Stored items from a collection:
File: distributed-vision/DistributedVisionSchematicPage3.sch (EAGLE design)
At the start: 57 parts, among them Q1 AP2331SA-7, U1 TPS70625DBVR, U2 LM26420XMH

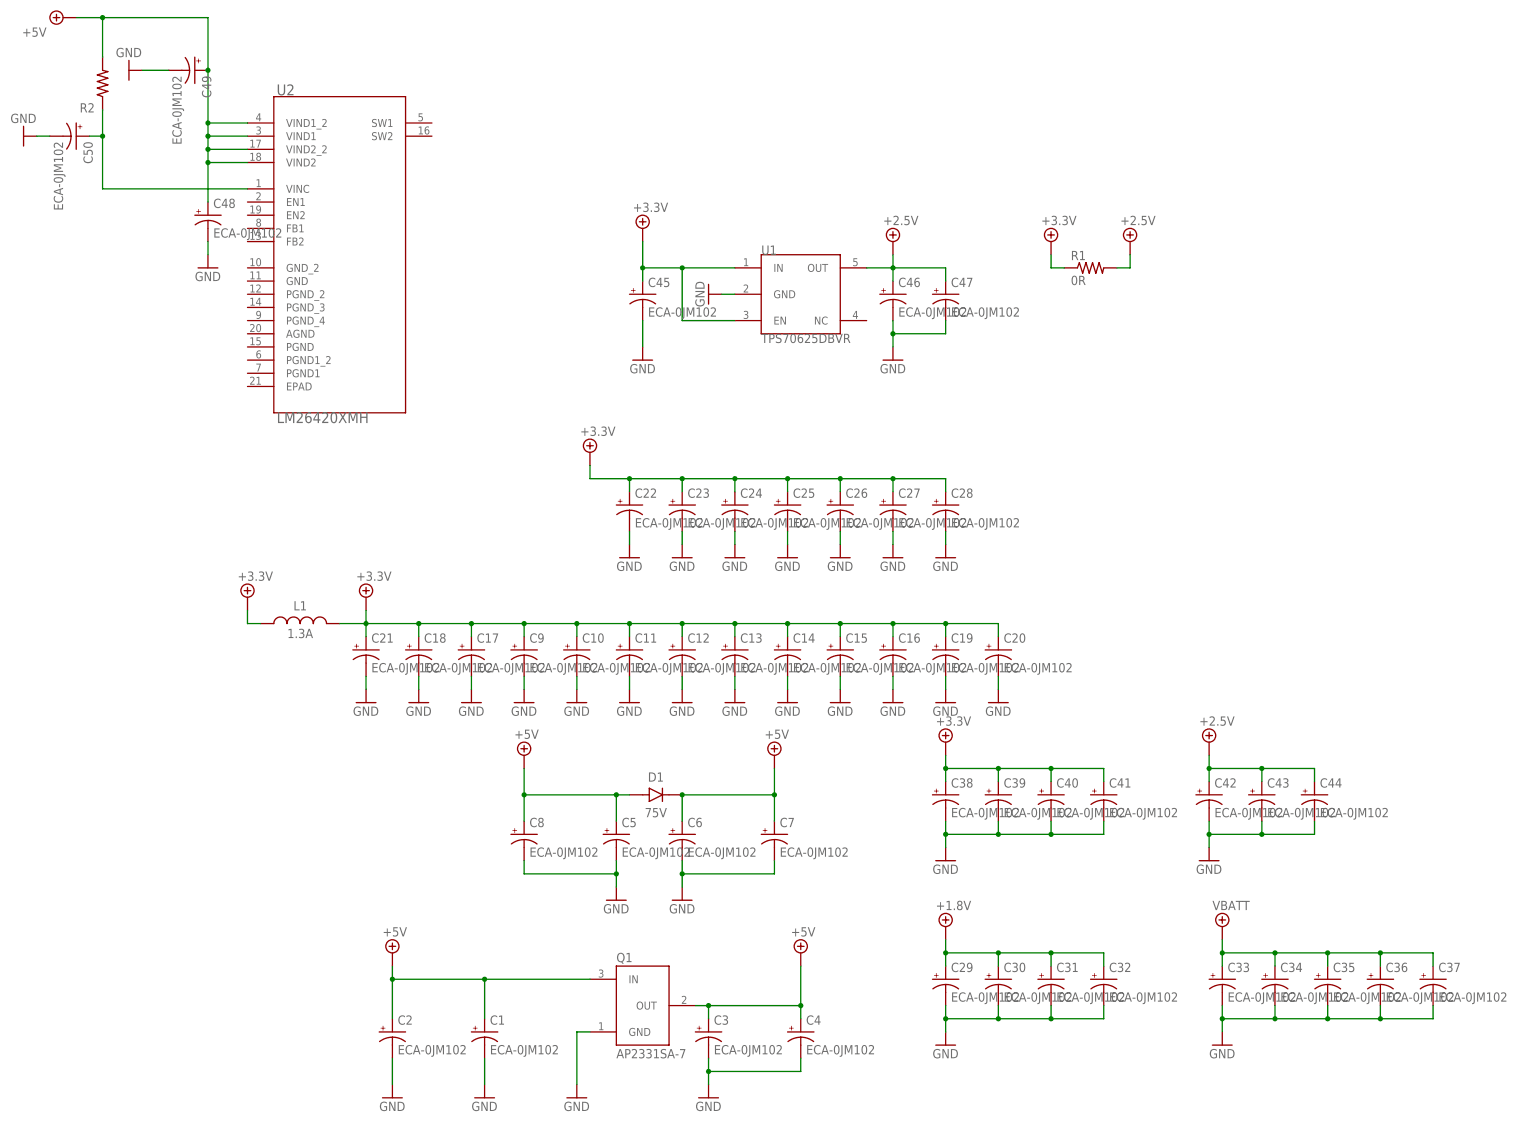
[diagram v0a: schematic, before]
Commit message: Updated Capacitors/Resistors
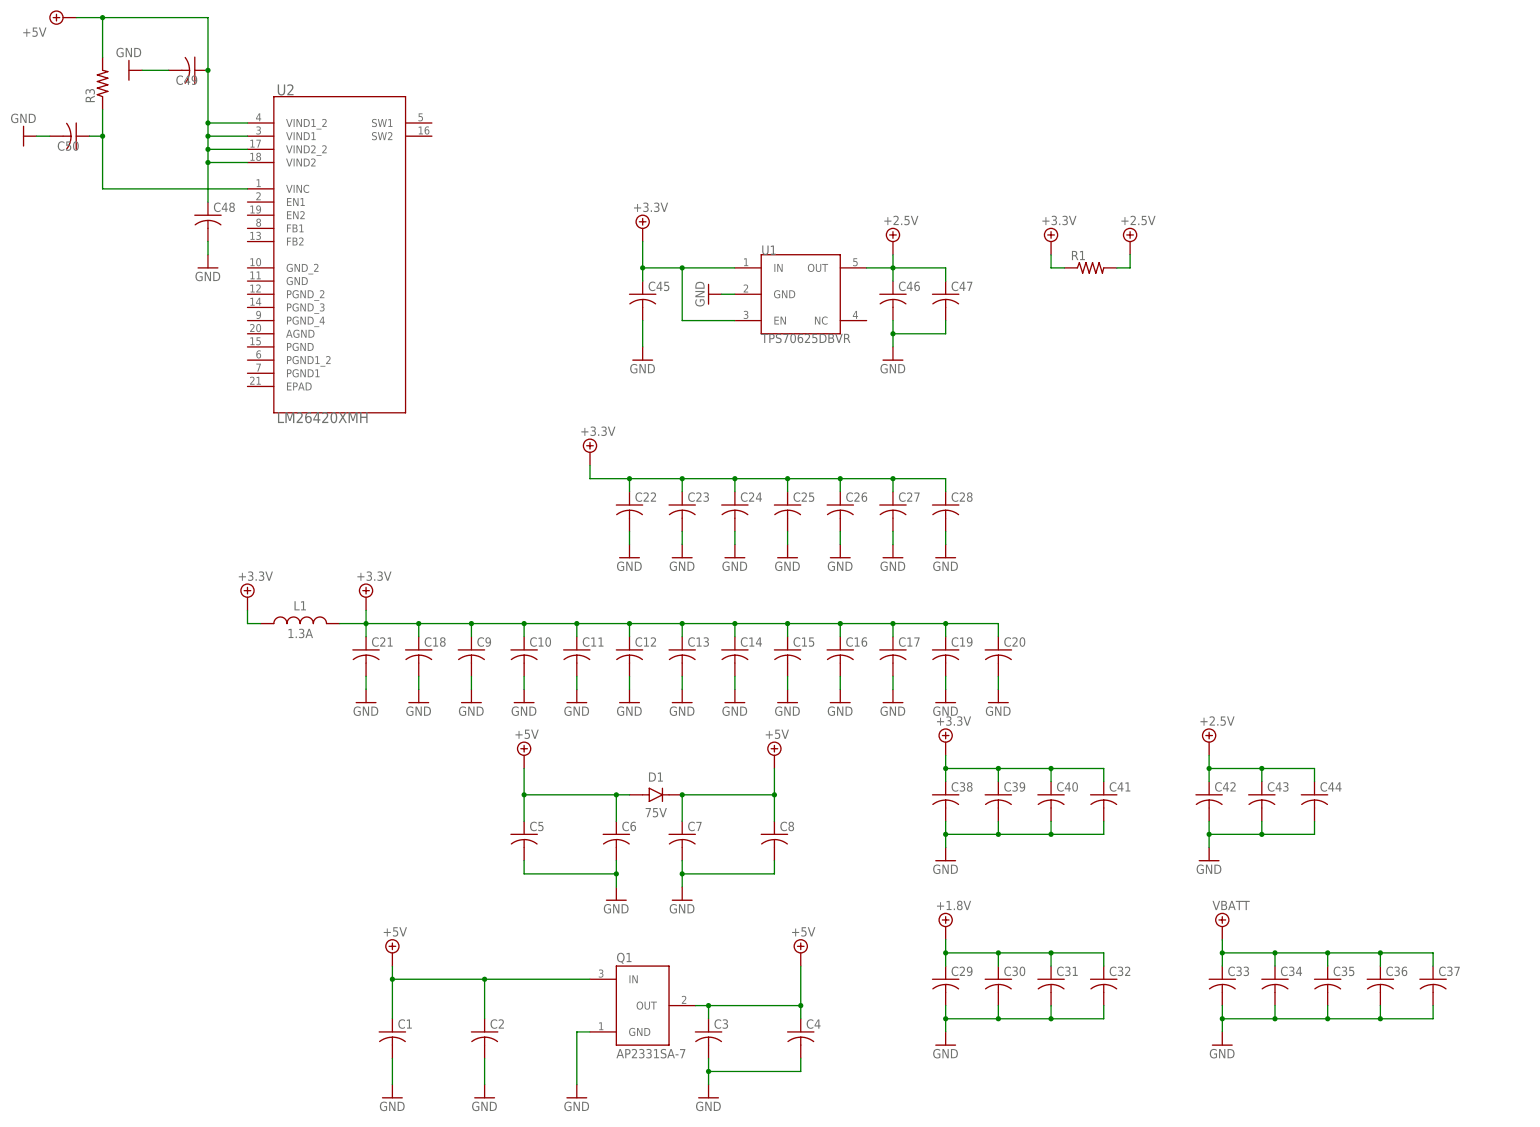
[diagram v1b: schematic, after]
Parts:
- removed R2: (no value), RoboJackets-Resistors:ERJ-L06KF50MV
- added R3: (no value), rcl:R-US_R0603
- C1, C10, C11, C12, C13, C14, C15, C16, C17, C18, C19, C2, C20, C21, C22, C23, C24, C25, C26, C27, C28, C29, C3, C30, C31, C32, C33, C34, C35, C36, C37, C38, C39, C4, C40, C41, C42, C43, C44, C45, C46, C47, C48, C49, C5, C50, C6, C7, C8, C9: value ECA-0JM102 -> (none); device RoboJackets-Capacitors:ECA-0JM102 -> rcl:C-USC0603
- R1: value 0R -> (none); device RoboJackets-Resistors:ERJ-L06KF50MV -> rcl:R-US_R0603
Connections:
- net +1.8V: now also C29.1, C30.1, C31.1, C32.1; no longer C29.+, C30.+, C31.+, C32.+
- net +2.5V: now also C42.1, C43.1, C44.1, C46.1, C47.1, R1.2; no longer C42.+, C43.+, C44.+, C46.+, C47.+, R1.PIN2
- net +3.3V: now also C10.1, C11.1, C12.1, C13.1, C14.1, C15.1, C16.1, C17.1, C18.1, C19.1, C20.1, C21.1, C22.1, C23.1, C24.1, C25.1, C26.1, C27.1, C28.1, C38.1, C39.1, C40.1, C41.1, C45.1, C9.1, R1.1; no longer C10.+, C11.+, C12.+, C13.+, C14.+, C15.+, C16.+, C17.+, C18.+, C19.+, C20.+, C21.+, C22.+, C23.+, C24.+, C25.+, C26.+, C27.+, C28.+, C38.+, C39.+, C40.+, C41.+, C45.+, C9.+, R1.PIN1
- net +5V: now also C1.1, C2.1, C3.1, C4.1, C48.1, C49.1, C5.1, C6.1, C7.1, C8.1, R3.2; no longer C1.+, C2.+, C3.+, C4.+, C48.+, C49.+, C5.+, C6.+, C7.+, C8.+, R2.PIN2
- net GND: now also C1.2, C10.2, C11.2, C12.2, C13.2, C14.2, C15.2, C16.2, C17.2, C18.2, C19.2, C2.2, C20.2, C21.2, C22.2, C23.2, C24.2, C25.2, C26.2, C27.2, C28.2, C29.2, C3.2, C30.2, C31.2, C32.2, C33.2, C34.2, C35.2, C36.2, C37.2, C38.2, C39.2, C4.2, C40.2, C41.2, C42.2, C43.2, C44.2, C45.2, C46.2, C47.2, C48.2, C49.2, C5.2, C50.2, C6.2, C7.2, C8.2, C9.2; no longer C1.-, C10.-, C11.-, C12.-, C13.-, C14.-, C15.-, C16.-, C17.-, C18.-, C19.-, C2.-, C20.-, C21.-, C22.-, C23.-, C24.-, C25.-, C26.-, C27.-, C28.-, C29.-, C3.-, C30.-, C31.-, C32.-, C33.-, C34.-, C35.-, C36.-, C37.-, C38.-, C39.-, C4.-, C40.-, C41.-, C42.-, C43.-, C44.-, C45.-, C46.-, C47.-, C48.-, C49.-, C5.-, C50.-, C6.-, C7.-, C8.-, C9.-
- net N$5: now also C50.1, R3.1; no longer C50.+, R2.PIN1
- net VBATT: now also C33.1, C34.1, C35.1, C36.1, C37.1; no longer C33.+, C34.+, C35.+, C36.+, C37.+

WHAT THE EXERCISE ASKS:
Where a line of the records above holds the word "device", copy that line.

COMPLETED EXERCISE:
- C1, C10, C11, C12, C13, C14, C15, C16, C17, C18, C19, C2, C20, C21, C22, C23, C24, C25, C26, C27, C28, C29, C3, C30, C31, C32, C33, C34, C35, C36, C37, C38, C39, C4, C40, C41, C42, C43, C44, C45, C46, C47, C48, C49, C5, C50, C6, C7, C8, C9: value ECA-0JM102 -> (none); device RoboJackets-Capacitors:ECA-0JM102 -> rcl:C-USC0603
- R1: value 0R -> (none); device RoboJackets-Resistors:ERJ-L06KF50MV -> rcl:R-US_R0603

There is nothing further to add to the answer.